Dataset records
□ □ □ □ □ □ □

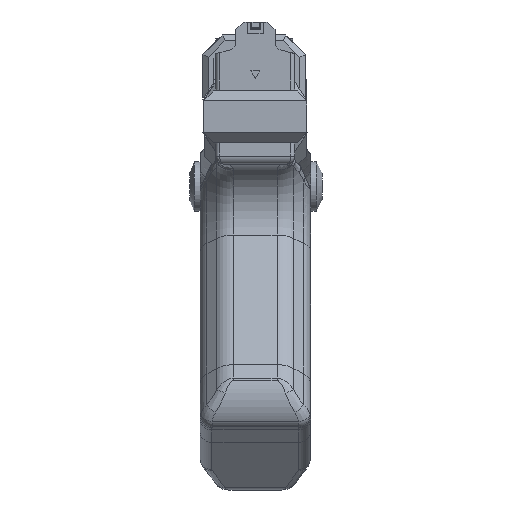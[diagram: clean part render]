
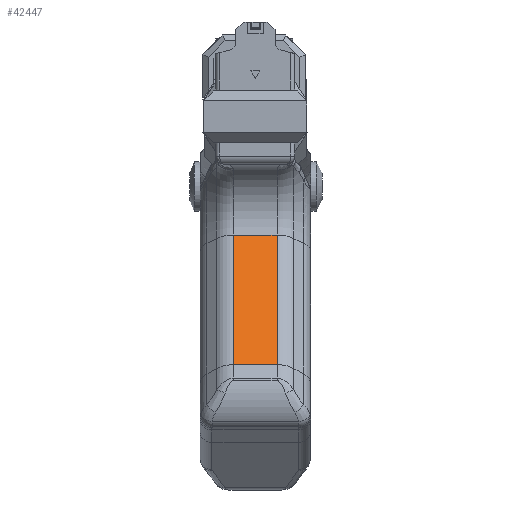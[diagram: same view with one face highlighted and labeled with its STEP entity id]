
A CAD part, front view. The second image highlights one B-rep face of the part: STEP entity #42447.
In plain terms, the highlighted face is planar.
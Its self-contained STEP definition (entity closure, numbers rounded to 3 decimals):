
#3829=LINE('',#111674,#7730);
#3841=LINE('',#111714,#7742);
#3842=LINE('',#111717,#7743);
#3843=LINE('',#111718,#7744);
#7730=VECTOR('',#52337,10.);
#7742=VECTOR('',#52373,10.);
#7743=VECTOR('',#52376,10.);
#7744=VECTOR('',#52377,10.);
#9763=PLANE('',#45177);
#11469=FACE_OUTER_BOUND('',#13778,.T.);
#13778=EDGE_LOOP('',(#35926,#35927,#35928,#35929));
#19901=VERTEX_POINT('',#110642);
#19956=VERTEX_POINT('',#111673);
#19964=VERTEX_POINT('',#111712);
#19965=VERTEX_POINT('',#111716);
#25571=EDGE_CURVE('',#19901,#19956,#3829,.T.);
#25587=EDGE_CURVE('',#19901,#19964,#3841,.T.);
#25588=EDGE_CURVE('',#19964,#19965,#3842,.T.);
#25589=EDGE_CURVE('',#19965,#19956,#3843,.T.);
#35926=ORIENTED_EDGE('',*,*,#25587,.T.);
#35927=ORIENTED_EDGE('',*,*,#25588,.T.);
#35928=ORIENTED_EDGE('',*,*,#25589,.T.);
#35929=ORIENTED_EDGE('',*,*,#25571,.F.);
#42447=ADVANCED_FACE('',(#11469),#9763,.F.);
#45177=AXIS2_PLACEMENT_3D('',#111715,#52374,#52375);
#52337=DIRECTION('',(0.,-0.84,0.543));
#52373=DIRECTION('',(-1.,0.,0.));
#52374=DIRECTION('center_axis',(0.,-0.543,-0.84));
#52375=DIRECTION('ref_axis',(0.,-0.84,0.543));
#52376=DIRECTION('',(0.,-0.84,0.543));
#52377=DIRECTION('',(1.,0.,0.));
#110642=CARTESIAN_POINT('',(5.515,-30.,115.));
#111673=CARTESIAN_POINT('',(5.515,-62.78,136.201));
#111674=CARTESIAN_POINT('',(5.515,-25.665,112.196));
#111712=CARTESIAN_POINT('',(-5.515,-30.,115.));
#111714=CARTESIAN_POINT('',(4.,-30.,115.));
#111715=CARTESIAN_POINT('Origin',(14.,-30.,115.));
#111716=CARTESIAN_POINT('',(-5.515,-62.78,136.201));
#111717=CARTESIAN_POINT('',(-5.515,-25.665,112.196));
#111718=CARTESIAN_POINT('',(14.,-62.78,136.201));
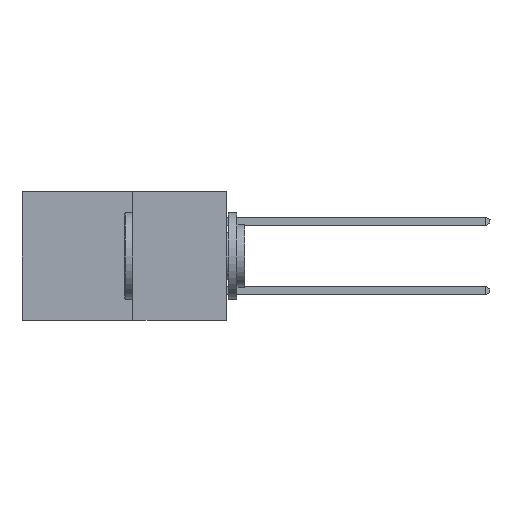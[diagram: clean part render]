
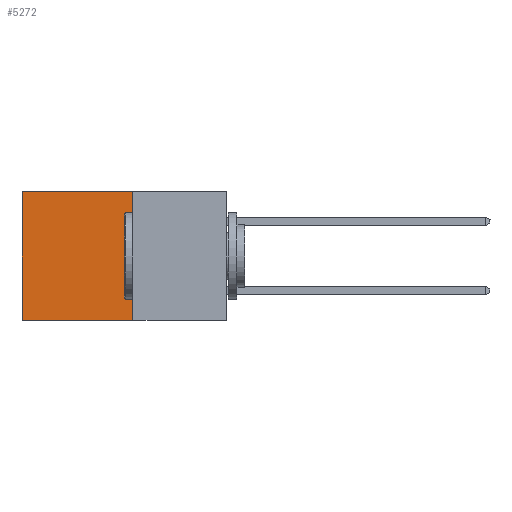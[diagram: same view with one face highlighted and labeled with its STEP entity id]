
A CAD part, left-side view. The second image highlights one B-rep face of the part: STEP entity #5272.
In plain terms, the highlighted planar face has unit normal (-1, 0, 0).
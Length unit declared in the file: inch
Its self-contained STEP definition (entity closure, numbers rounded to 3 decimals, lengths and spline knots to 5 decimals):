
#178 = CARTESIAN_POINT ( 'NONE',  ( 0.277, 0.59, -0.37 ) ) ;
#589 = EDGE_CURVE ( 'NONE', #18731, #17935, #16270, .T. ) ;
#727 = EDGE_LOOP ( 'NONE', ( #15447, #9353, #10430, #16326 ) ) ;
#1117 = CARTESIAN_POINT ( 'NONE',  ( 0.277, 0.27, -0.37 ) ) ;
#2031 = CARTESIAN_POINT ( 'NONE',  ( 0.277, 0.59, -0.37 ) ) ;
#2231 = CARTESIAN_POINT ( 'NONE',  ( 0.277, 0.59, 0. ) ) ;
#2304 = AXIS2_PLACEMENT_3D ( 'NONE', #13473, #13033, #13017 ) ;
#3314 = CARTESIAN_POINT ( 'NONE',  ( 0.277, 0.27, 0. ) ) ;
#3437 = CARTESIAN_POINT ( 'NONE',  ( 0.277, 0.27, -0.37 ) ) ;
#3535 = CARTESIAN_POINT ( 'NONE',  ( 0.277, 0.27, -0.37 ) ) ;
#5072 = DIRECTION ( 'NONE',  ( 0., 1., 0. ) ) ;
#5203 = DIRECTION ( 'NONE',  ( 0., 1., 0. ) ) ;
#5272 = ADVANCED_FACE ( 'NONE', ( #12234 ), #13311, .F. ) ;
#5304 = DIRECTION ( 'NONE',  ( 0., 0., -1. ) ) ;
#9308 = LINE ( 'NONE', #3314, #16820 ) ;
#9353 = ORIENTED_EDGE ( 'NONE', *, *, #19761, .F. ) ;
#9604 = VERTEX_POINT ( 'NONE', #20160 ) ;
#10359 = DIRECTION ( 'NONE',  ( 0., 0., -1. ) ) ;
#10430 = ORIENTED_EDGE ( 'NONE', *, *, #14724, .F. ) ;
#11042 = LINE ( 'NONE', #3437, #19675 ) ;
#11153 = LINE ( 'NONE', #3535, #19791 ) ;
#12234 = FACE_OUTER_BOUND ( 'NONE', #727, .T. ) ;
#13017 = DIRECTION ( 'NONE',  ( 0., 0., -1. ) ) ;
#13033 = DIRECTION ( 'NONE',  ( 1., 0., 0. ) ) ;
#13311 = PLANE ( 'NONE',  #2304 ) ;
#13473 = CARTESIAN_POINT ( 'NONE',  ( 0.277, 0.27, -0.37 ) ) ;
#14646 = EDGE_CURVE ( 'NONE', #9604, #18731, #9308, .T. ) ;
#14724 = EDGE_CURVE ( 'NONE', #9604, #15165, #11153, .T. ) ;
#15165 = VERTEX_POINT ( 'NONE', #1117 ) ;
#15447 = ORIENTED_EDGE ( 'NONE', *, *, #589, .T. ) ;
#16270 = LINE ( 'NONE', #178, #20857 ) ;
#16326 = ORIENTED_EDGE ( 'NONE', *, *, #14646, .T. ) ;
#16820 = VECTOR ( 'NONE', #5072, 39.37008 ) ;
#17935 = VERTEX_POINT ( 'NONE', #2031 ) ;
#18731 = VERTEX_POINT ( 'NONE', #2231 ) ;
#19675 = VECTOR ( 'NONE', #5203, 39.37008 ) ;
#19761 = EDGE_CURVE ( 'NONE', #15165, #17935, #11042, .T. ) ;
#19791 = VECTOR ( 'NONE', #5304, 39.37008 ) ;
#20160 = CARTESIAN_POINT ( 'NONE',  ( 0.277, 0.27, 0. ) ) ;
#20857 = VECTOR ( 'NONE', #10359, 39.37008 ) ;
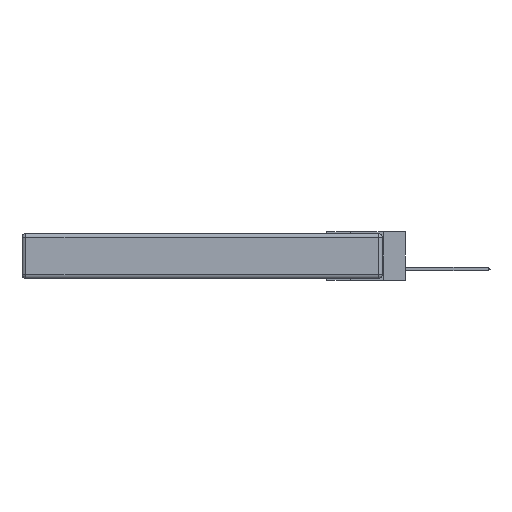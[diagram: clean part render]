
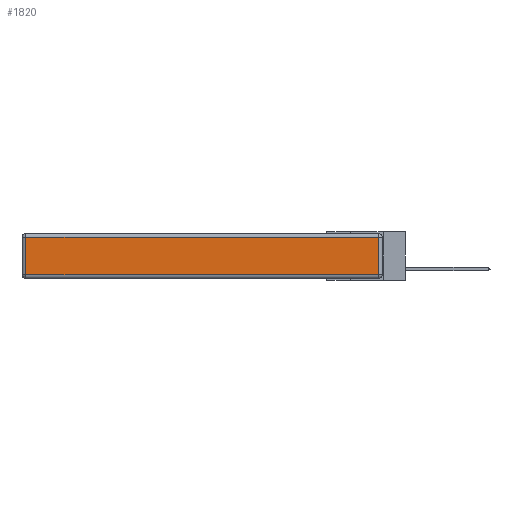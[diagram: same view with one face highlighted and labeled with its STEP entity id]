
A CAD part, left-side view. The second image highlights one B-rep face of the part: STEP entity #1820.
In plain terms, the highlighted planar face has unit normal (-1, 0, 0).
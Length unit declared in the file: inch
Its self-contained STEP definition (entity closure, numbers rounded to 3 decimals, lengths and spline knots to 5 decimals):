
#28 = AXIS2_PLACEMENT_3D ( 'NONE', #906, #10570, #5195 ) ;
#906 = CARTESIAN_POINT ( 'NONE',  ( 0., 0., -0.343 ) ) ;
#1820 = ADVANCED_FACE ( 'NONE', ( #6664 ), #14532, .T. ) ;
#1950 = CARTESIAN_POINT ( 'NONE',  ( 0., 2.75, -0.03 ) ) ;
#1960 = ORIENTED_EDGE ( 'NONE', *, *, #17371, .T. ) ;
#1999 = DIRECTION ( 'NONE',  ( 0., -1., 0. ) ) ;
#2182 = LINE ( 'NONE', #16705, #10840 ) ;
#3074 = CARTESIAN_POINT ( 'NONE',  ( 0., 2.72, -0.313 ) ) ;
#5071 = VECTOR ( 'NONE', #7382, 39.37008 ) ;
#5195 = DIRECTION ( 'NONE',  ( 0., 0., 1. ) ) ;
#5487 = LINE ( 'NONE', #7565, #5071 ) ;
#5885 = EDGE_LOOP ( 'NONE', ( #14400, #9487, #1960, #16141 ) ) ;
#6664 = FACE_OUTER_BOUND ( 'NONE', #5885, .T. ) ;
#7038 = EDGE_CURVE ( 'NONE', #13826, #9539, #5487, .T. ) ;
#7211 = LINE ( 'NONE', #17197, #8078 ) ;
#7382 = DIRECTION ( 'NONE',  ( 0., 0., -1. ) ) ;
#7414 = VECTOR ( 'NONE', #11348, 39.37008 ) ;
#7565 = CARTESIAN_POINT ( 'NONE',  ( 0., 2.72, -0.343 ) ) ;
#8078 = VECTOR ( 'NONE', #1999, 39.37008 ) ;
#9487 = ORIENTED_EDGE ( 'NONE', *, *, #10141, .T. ) ;
#9539 = VERTEX_POINT ( 'NONE', #3074 ) ;
#9610 = CARTESIAN_POINT ( 'NONE',  ( 0., 0.03, -0.03 ) ) ;
#9786 = DIRECTION ( 'NONE',  ( 0., 0., 1. ) ) ;
#10141 = EDGE_CURVE ( 'NONE', #10707, #15784, #2182, .T. ) ;
#10570 = DIRECTION ( 'NONE',  ( -1., 0., 0. ) ) ;
#10707 = VERTEX_POINT ( 'NONE', #15858 ) ;
#10840 = VECTOR ( 'NONE', #9786, 39.37008 ) ;
#11348 = DIRECTION ( 'NONE',  ( 0., 1., 0. ) ) ;
#11557 = EDGE_CURVE ( 'NONE', #9539, #10707, #7211, .T. ) ;
#11642 = LINE ( 'NONE', #1950, #7414 ) ;
#13826 = VERTEX_POINT ( 'NONE', #17001 ) ;
#14400 = ORIENTED_EDGE ( 'NONE', *, *, #11557, .T. ) ;
#14532 = PLANE ( 'NONE',  #28 ) ;
#15784 = VERTEX_POINT ( 'NONE', #9610 ) ;
#15858 = CARTESIAN_POINT ( 'NONE',  ( 0., 0.03, -0.313 ) ) ;
#16141 = ORIENTED_EDGE ( 'NONE', *, *, #7038, .T. ) ;
#16705 = CARTESIAN_POINT ( 'NONE',  ( 0., 0.03, -0.343 ) ) ;
#17001 = CARTESIAN_POINT ( 'NONE',  ( 0., 2.72, -0.03 ) ) ;
#17197 = CARTESIAN_POINT ( 'NONE',  ( 0., 0., -0.313 ) ) ;
#17371 = EDGE_CURVE ( 'NONE', #15784, #13826, #11642, .T. ) ;

□ □ □ □ □ □ □

Goal of the exercise — The data above holds the lines to copy: start at the one with "#14646 = EDGE_CURVE", stop at the one with "#1999 = DIRECTION", include both, copy them exactly without pictures, and copy nothing else.

Solved exercise —
#14646 = EDGE_CURVE ( 'NONE', #9604, #18731, #9308, .T. ) ;
#14724 = EDGE_CURVE ( 'NONE', #9604, #15165, #11153, .T. ) ;
#15165 = VERTEX_POINT ( 'NONE', #1117 ) ;
#15447 = ORIENTED_EDGE ( 'NONE', *, *, #589, .T. ) ;
#16270 = LINE ( 'NONE', #178, #20857 ) ;
#16326 = ORIENTED_EDGE ( 'NONE', *, *, #14646, .T. ) ;
#16820 = VECTOR ( 'NONE', #5072, 39.37008 ) ;
#17935 = VERTEX_POINT ( 'NONE', #2031 ) ;
#18731 = VERTEX_POINT ( 'NONE', #2231 ) ;
#19675 = VECTOR ( 'NONE', #5203, 39.37008 ) ;
#19761 = EDGE_CURVE ( 'NONE', #15165, #17935, #11042, .T. ) ;
#19791 = VECTOR ( 'NONE', #5304, 39.37008 ) ;
#20160 = CARTESIAN_POINT ( 'NONE',  ( 0.277, 0.27, 0. ) ) ;
#20857 = VECTOR ( 'NONE', #10359, 39.37008 ) ;
[diagram: clean part render]
[diagram: same view with one face highlighted and labeled with its STEP entity id]
A CAD part, left-side view. The second image highlights one B-rep face of the part: STEP entity #1820.
In plain terms, the highlighted planar face has unit normal (-1, 0, 0).
Length unit declared in the file: inch
Its self-contained STEP definition (entity closure, numbers rounded to 3 decimals, lengths and spline knots to 5 decimals):
#28 = AXIS2_PLACEMENT_3D ( 'NONE', #906, #10570, #5195 ) ;
#906 = CARTESIAN_POINT ( 'NONE',  ( 0., 0., -0.343 ) ) ;
#1820 = ADVANCED_FACE ( 'NONE', ( #6664 ), #14532, .T. ) ;
#1950 = CARTESIAN_POINT ( 'NONE',  ( 0., 2.75, -0.03 ) ) ;
#1960 = ORIENTED_EDGE ( 'NONE', *, *, #17371, .T. ) ;
#1999 = DIRECTION ( 'NONE',  ( 0., -1., 0. ) ) ;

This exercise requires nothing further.